Listen to this article
I first came across one of medicine’s most ubiquitous but uncelebrated tools at the rural GP practice where I interned as a student. Now and then a patient would object to my presence and I’d be sent to wait in the corridor. Lingering outside the door seemed shifty, so I’d go to the staffroom and do the washing-up. (“Isn’t the new student helpful?” I liked to imagine them saying.) One day I was rinsing a mug when I noticed it was decorated with little pictures of turds. Imagine choosing to drink out of a cup patterned with faeces, I thought. Doctors are so odd.
I didn’t know at the time that I was washing up a representation of the Bristol stool chart. The BSC is known to everyone in medicine, a remarkable piece of categorisation that’s useful for both comedy and clinical practice. (Alas for Bristol, you can’t dictate your preferred reasons for medical fame: see also the “Liverpool Care Pathway”.) It was devised in the 1990s by Dr Kenneth Heaton, a leading researcher into irritable bowel syndrome, who died last year.
Dr Heaton was interested in gut transit time: how long it takes food to pass through the digestive system. He theorised that the shapes that emerged signalled the time they’d taken to form, which led him to formulate a series of verbal descriptions called the Bristol stool form scale, later illustrated as the Bristol stool chart. “It was easy pickings,” he once said. “It’s an extraordinarily under-researched area.
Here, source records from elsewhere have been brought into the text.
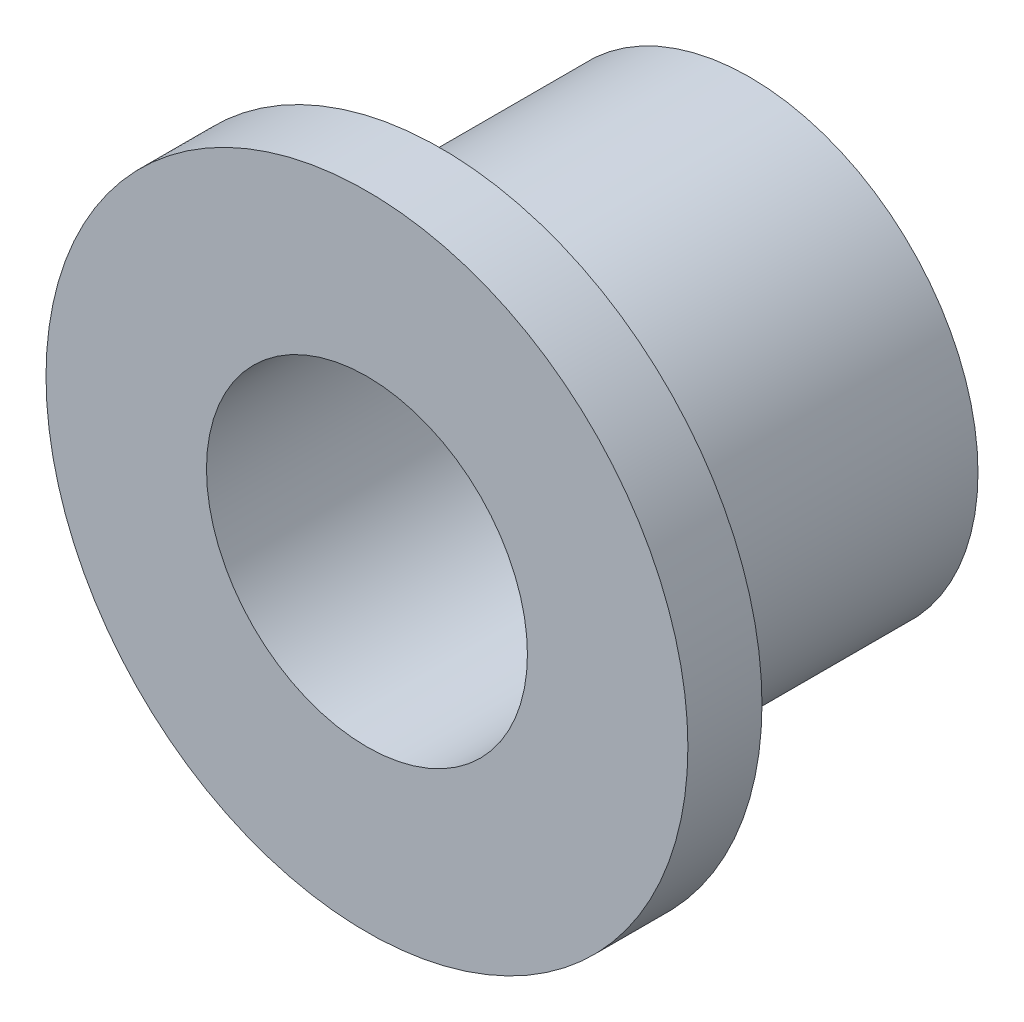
ISO-10303-21;
HEADER;
FILE_DESCRIPTION(('STEP AP214'),'2;1');
FILE_NAME('part.step','',(''),(''),'','','');
FILE_SCHEMA(('AUTOMOTIVE_DESIGN { 1 0 10303 214 1 1 1 1 }'));
ENDSEC;
DATA;
#1=APPLICATION_CONTEXT('core data for automotive mechanical design processes');
#2=APPLICATION_PROTOCOL_DEFINITION('international standard','automotive_design',2000,#1);
#3=PRODUCT_CONTEXT('',#1,'mechanical');
#4=PRODUCT('Part','Part','',(#3));
#5=PRODUCT_RELATED_PRODUCT_CATEGORY('part','',(#4));
#6=PRODUCT_DEFINITION_FORMATION('','',#4);
#7=PRODUCT_DEFINITION_CONTEXT('part definition',#1,'design');
#8=PRODUCT_DEFINITION('design','',#6,#7);
#9=PRODUCT_DEFINITION_SHAPE('','',#8);
#10=(LENGTH_UNIT() NAMED_UNIT(*) SI_UNIT(.MILLI.,.METRE.));
#11=(NAMED_UNIT(*) PLANE_ANGLE_UNIT() SI_UNIT($,.RADIAN.));
#12=(NAMED_UNIT(*) SI_UNIT($,.STERADIAN.) SOLID_ANGLE_UNIT());
#13=UNCERTAINTY_MEASURE_WITH_UNIT(LENGTH_MEASURE(1.E-05),#10,'distance_accuracy_value','');
#14=(GEOMETRIC_REPRESENTATION_CONTEXT(3) GLOBAL_UNCERTAINTY_ASSIGNED_CONTEXT((#13)) GLOBAL_UNIT_ASSIGNED_CONTEXT((#10,
#11,#12)) REPRESENTATION_CONTEXT('',''));
#15=CARTESIAN_POINT('',(0.,0.,0.));
#16=DIRECTION('',(0.,0.,1.));
#17=DIRECTION('',(1.,0.,0.));
#18=AXIS2_PLACEMENT_3D('',#15,#16,#17);
#19=CARTESIAN_POINT('',(0.,0.,1.524));
#20=DIRECTION('',(0.,0.,-1.));
#21=DIRECTION('',(-1.,0.,0.));
#22=AXIS2_PLACEMENT_3D('',#19,#20,#21);
#23=CYLINDRICAL_SURFACE('',#22,6.604);
#24=CARTESIAN_POINT('',(0.,0.,1.524));
#25=DIRECTION('',(0.,0.,1.));
#26=DIRECTION('',(1.,0.,0.));
#27=AXIS2_PLACEMENT_3D('',#24,#25,#26);
#28=CIRCLE('',#27,6.604);
#29=CARTESIAN_POINT('',(-6.604,0.,1.524));
#30=VERTEX_POINT('',#29);
#31=EDGE_CURVE('E37',#30,#30,#28,.T.);
#32=CARTESIAN_POINT('',(0.,0.,0.));
#33=DIRECTION('',(0.,0.,1.));
#34=DIRECTION('',(1.,0.,0.));
#35=AXIS2_PLACEMENT_3D('',#32,#33,#34);
#36=CIRCLE('',#35,6.604);
#37=CARTESIAN_POINT('',(-6.604,0.,0.));
#38=VERTEX_POINT('',#37);
#39=EDGE_CURVE('E33',#38,#38,#36,.T.);
#40=CARTESIAN_POINT('',(-6.604,0.,1.524));
#41=CARTESIAN_POINT('',(-6.604,0.,1.508125));
#42=CARTESIAN_POINT('',(-6.604,0.,1.49225));
#43=CARTESIAN_POINT('',(-6.604,0.,1.4605));
#44=CARTESIAN_POINT('',(-6.604,0.,1.444625));
#45=CARTESIAN_POINT('',(-6.604,0.,1.412875));
#46=CARTESIAN_POINT('',(-6.604,0.,1.397));
#47=CARTESIAN_POINT('',(-6.604,0.,1.36525));
#48=CARTESIAN_POINT('',(-6.604,0.,1.349375));
#49=CARTESIAN_POINT('',(-6.604,0.,1.317625));
#50=CARTESIAN_POINT('',(-6.604,0.,1.30175));
#51=CARTESIAN_POINT('',(-6.604,0.,1.27));
#52=CARTESIAN_POINT('',(-6.604,0.,1.254125));
#53=CARTESIAN_POINT('',(-6.604,0.,1.222375));
#54=CARTESIAN_POINT('',(-6.604,0.,1.2065));
#55=CARTESIAN_POINT('',(-6.604,0.,1.17475));
#56=CARTESIAN_POINT('',(-6.604,0.,1.158875));
#57=CARTESIAN_POINT('',(-6.604,0.,1.127125));
#58=CARTESIAN_POINT('',(-6.604,0.,1.11125));
#59=CARTESIAN_POINT('',(-6.604,0.,1.0795));
#60=CARTESIAN_POINT('',(-6.604,0.,1.063625));
#61=CARTESIAN_POINT('',(-6.604,0.,1.031875));
#62=CARTESIAN_POINT('',(-6.604,0.,1.016));
#63=CARTESIAN_POINT('',(-6.604,0.,0.98425));
#64=CARTESIAN_POINT('',(-6.604,0.,0.968375));
#65=CARTESIAN_POINT('',(-6.604,0.,0.936625));
#66=CARTESIAN_POINT('',(-6.604,0.,0.92075));
#67=CARTESIAN_POINT('',(-6.604,0.,0.889));
#68=CARTESIAN_POINT('',(-6.604,0.,0.873125));
#69=CARTESIAN_POINT('',(-6.604,0.,0.841375));
#70=CARTESIAN_POINT('',(-6.604,0.,0.8255));
#71=CARTESIAN_POINT('',(-6.604,0.,0.79375));
#72=CARTESIAN_POINT('',(-6.604,0.,0.777875));
#73=CARTESIAN_POINT('',(-6.604,0.,0.746125));
#74=CARTESIAN_POINT('',(-6.604,0.,0.73025));
#75=CARTESIAN_POINT('',(-6.604,0.,0.6985));
#76=CARTESIAN_POINT('',(-6.604,0.,0.682625));
#77=CARTESIAN_POINT('',(-6.604,0.,0.650875));
#78=CARTESIAN_POINT('',(-6.604,0.,0.635));
#79=CARTESIAN_POINT('',(-6.604,0.,0.60325));
#80=CARTESIAN_POINT('',(-6.604,0.,0.587375));
#81=CARTESIAN_POINT('',(-6.604,0.,0.555625));
#82=CARTESIAN_POINT('',(-6.604,0.,0.53975));
#83=CARTESIAN_POINT('',(-6.604,0.,0.508));
#84=CARTESIAN_POINT('',(-6.604,0.,0.492125));
#85=CARTESIAN_POINT('',(-6.604,0.,0.460375));
#86=CARTESIAN_POINT('',(-6.604,0.,0.4445));
#87=CARTESIAN_POINT('',(-6.604,0.,0.41275));
#88=CARTESIAN_POINT('',(-6.604,0.,0.396875));
#89=CARTESIAN_POINT('',(-6.604,0.,0.365125));
#90=CARTESIAN_POINT('',(-6.604,0.,0.34925));
#91=CARTESIAN_POINT('',(-6.604,0.,0.3175));
#92=CARTESIAN_POINT('',(-6.604,0.,0.301625));
#93=CARTESIAN_POINT('',(-6.604,0.,0.269875));
#94=CARTESIAN_POINT('',(-6.604,0.,0.254));
#95=CARTESIAN_POINT('',(-6.604,0.,0.22225));
#96=CARTESIAN_POINT('',(-6.604,0.,0.206375));
#97=CARTESIAN_POINT('',(-6.604,0.,0.174625));
#98=CARTESIAN_POINT('',(-6.604,0.,0.15875));
#99=CARTESIAN_POINT('',(-6.604,0.,0.127));
#100=CARTESIAN_POINT('',(-6.604,0.,0.111125));
#101=CARTESIAN_POINT('',(-6.604,0.,0.079375));
#102=CARTESIAN_POINT('',(-6.604,0.,0.0635));
#103=CARTESIAN_POINT('',(-6.604,0.,0.0317499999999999));
#104=CARTESIAN_POINT('',(-6.604,0.,0.015875));
#105=CARTESIAN_POINT('',(-6.604,0.,0.));
#106=B_SPLINE_CURVE_WITH_KNOTS('',3,(#40,#41,#42,#43,#44,#45,#46,#47,#48,#49,#50,#51,#52,#53,
#54,#55,#56,#57,#58,#59,#60,#61,#62,#63,#64,#65,#66,#67,#68,#69,#70,#71,#72,#73,#74,#75,#76,#77,
#78,#79,#80,#81,#82,#83,#84,#85,#86,#87,#88,#89,#90,#91,#92,#93,#94,#95,#96,#97,#98,#99,#100,
#101,#102,#103,#104,#105),.UNSPECIFIED.,.F.,.F.,(4,2,2,2,2,2,2,2,2,2,2,2,2,2,2,2,2,2,2,2,2,2,2,
2,2,2,2,2,2,2,2,2,4),(0.,0.0476249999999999,0.0952499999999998,0.142875,0.1905,0.238125,0.28575,
0.333375,0.381,0.428625,0.47625,0.523875,0.5715,0.619125,0.66675,0.714375,0.762,0.809625,
0.85725,0.904875,0.9525,1.000125,1.04775,1.095375,1.143,1.190625,1.23825,1.285875,1.3335,
1.381125,1.42875,1.476375,1.524),.UNSPECIFIED.);
#107=EDGE_CURVE('BSEAM30',#30,#38,#106,.T.);
#108=ORIENTED_EDGE('',*,*,#31,.F.);
#109=ORIENTED_EDGE('',*,*,#39,.T.);
#110=ORIENTED_EDGE('',*,*,#107,.T.);
#111=ORIENTED_EDGE('',*,*,#107,.F.);
#112=EDGE_LOOP('',(#108,#110,#109,#111));
#113=FACE_BOUND('',#112,.T.);
#114=ADVANCED_FACE('F30',(#113),#23,.T.);
#115=CARTESIAN_POINT('',(0.,0.,1.524));
#116=DIRECTION('',(0.,0.,1.));
#117=DIRECTION('',(1.,0.,0.));
#118=AXIS2_PLACEMENT_3D('',#115,#116,#117);
#119=PLANE('',#118);
#120=CARTESIAN_POINT('',(0.,0.,1.524));
#121=DIRECTION('',(0.,0.,1.));
#122=DIRECTION('',(1.,0.,0.));
#123=AXIS2_PLACEMENT_3D('',#120,#121,#122);
#124=CIRCLE('',#123,3.302);
#125=CARTESIAN_POINT('',(3.302,0.,1.524));
#126=VERTEX_POINT('',#125);
#127=EDGE_CURVE('E47',#126,#126,#124,.T.);
#128=ORIENTED_EDGE('',*,*,#127,.F.);
#129=EDGE_LOOP('',(#128));
#130=FACE_BOUND('',#129,.T.);
#131=ORIENTED_EDGE('',*,*,#31,.T.);
#132=EDGE_LOOP('',(#131));
#133=FACE_BOUND('',#132,.T.);
#134=ADVANCED_FACE('F62',(#130,#133),#119,.T.);
#135=CARTESIAN_POINT('',(0.,0.,0.));
#136=DIRECTION('',(0.,0.,1.));
#137=DIRECTION('',(1.,0.,0.));
#138=AXIS2_PLACEMENT_3D('',#135,#136,#137);
#139=PLANE('',#138);
#140=CARTESIAN_POINT('',(0.,0.,0.));
#141=DIRECTION('',(0.,0.,-1.));
#142=DIRECTION('',(-1.,0.,0.));
#143=AXIS2_PLACEMENT_3D('',#140,#141,#142);
#144=CIRCLE('',#143,4.699);
#145=CARTESIAN_POINT('',(-4.699,0.,0.));
#146=VERTEX_POINT('',#145);
#147=EDGE_CURVE('E10',#146,#146,#144,.T.);
#148=ORIENTED_EDGE('',*,*,#147,.F.);
#149=EDGE_LOOP('',(#148));
#150=FACE_BOUND('',#149,.T.);
#151=ORIENTED_EDGE('',*,*,#39,.F.);
#152=EDGE_LOOP('',(#151));
#153=FACE_BOUND('',#152,.T.);
#154=ADVANCED_FACE('F65',(#150,#153),#139,.F.);
#155=CARTESIAN_POINT('',(0.,0.,-6.35));
#156=DIRECTION('',(0.,0.,1.));
#157=DIRECTION('',(1.,0.,0.));
#158=AXIS2_PLACEMENT_3D('',#155,#156,#157);
#159=CYLINDRICAL_SURFACE('',#158,4.699);
#160=CARTESIAN_POINT('',(0.,0.,-6.35));
#161=DIRECTION('',(0.,0.,-1.));
#162=DIRECTION('',(-1.,0.,0.));
#163=AXIS2_PLACEMENT_3D('',#160,#161,#162);
#164=CIRCLE('',#163,4.699);
#165=CARTESIAN_POINT('',(-4.699,0.,-6.35));
#166=VERTEX_POINT('',#165);
#167=EDGE_CURVE('E43',#166,#166,#164,.T.);
#168=ORIENTED_EDGE('',*,*,#167,.F.);
#169=EDGE_LOOP('',(#168));
#170=FACE_BOUND('',#169,.T.);
#171=ORIENTED_EDGE('',*,*,#147,.T.);
#172=EDGE_LOOP('',(#171));
#173=FACE_BOUND('',#172,.T.);
#174=ADVANCED_FACE('F75',(#170,#173),#159,.T.);
#175=CARTESIAN_POINT('',(0.,0.,-6.35));
#176=DIRECTION('',(0.,0.,-1.));
#177=DIRECTION('',(-1.,0.,0.));
#178=AXIS2_PLACEMENT_3D('',#175,#176,#177);
#179=PLANE('',#178);
#180=CARTESIAN_POINT('',(0.,0.,-6.35));
#181=DIRECTION('',(0.,0.,1.));
#182=DIRECTION('',(1.,0.,0.));
#183=AXIS2_PLACEMENT_3D('',#180,#181,#182);
#184=CIRCLE('',#183,3.302);
#185=CARTESIAN_POINT('',(3.302,0.,-6.35));
#186=VERTEX_POINT('',#185);
#187=EDGE_CURVE('E46',#186,#186,#184,.T.);
#188=ORIENTED_EDGE('',*,*,#187,.T.);
#189=EDGE_LOOP('',(#188));
#190=FACE_BOUND('',#189,.T.);
#191=ORIENTED_EDGE('',*,*,#167,.T.);
#192=EDGE_LOOP('',(#191));
#193=FACE_BOUND('',#192,.T.);
#194=ADVANCED_FACE('F53',(#190,#193),#179,.T.);
#195=CARTESIAN_POINT('',(0.,0.,-6.35));
#196=DIRECTION('',(0.,0.,1.));
#197=DIRECTION('',(1.,0.,0.));
#198=AXIS2_PLACEMENT_3D('',#195,#196,#197);
#199=CYLINDRICAL_SURFACE('',#198,3.302);
#200=ORIENTED_EDGE('',*,*,#187,.F.);
#201=EDGE_LOOP('',(#200));
#202=FACE_BOUND('',#201,.T.);
#203=ORIENTED_EDGE('',*,*,#127,.T.);
#204=EDGE_LOOP('',(#203));
#205=FACE_BOUND('',#204,.T.);
#206=ADVANCED_FACE('F56',(#202,#205),#199,.F.);
#207=CLOSED_SHELL('',(#114,#134,#154,#174,#194,#206));
#208=MANIFOLD_SOLID_BREP('B2',#207);
#209=ADVANCED_BREP_SHAPE_REPRESENTATION('',(#18,#208),#14);
#210=SHAPE_DEFINITION_REPRESENTATION(#9,#209);
ENDSEC;
END-ISO-10303-21;

Processing stools in a laboratory does not appeal to everyone.”
The chart runs from Type 1 (constipated, or “Separate hard lumps, like nuts”) to Type 7 (frank diarrhoea) via explicitly annotated stages. Type 4, for example, is “Like a sausage or a snake, smooth and soft.” (“The perfect stool!” sighed our gastroenterology registrar. “Of course, there’s no such thing as ‘perfect’ – it’s what’s normal for the individual,” he added, caressing the Type 4 diagram in a way that compromised his sincerity.)
The Bristol stool chart is all over the internet, in most hospitals and doctors’ surgeries, and now, inevitably, available as an iPhone app.
Despite this, there’s something anachronistic about it. The chart belongs to a disappearing world of purely clinical medicine, where – in the absence of tools for imaging and investigation – description and observation counted for everything. Ancient and medieval physicians scrutinised, described what they saw, then codified their findings in an attempt to formulate diagnoses.
Contemporary medicine can sometimes seem a whirl of powerful drugs and big machines – with the contribution of this kind of careful attention to small things too often overlooked. But without language to describe what you’re seeing, you can’t always know if you’ve made a problem better; and research is difficult if you can’t express your findings, or compare one outcome with another.
Because the subject is traditionally embarrassing, it can also be hard to treat people who are suffering from bowel problems. They may find it easier to point to a piece of paper (or a GP’s coffee mug) than embark on a detailed account of their last trip to the lavatory.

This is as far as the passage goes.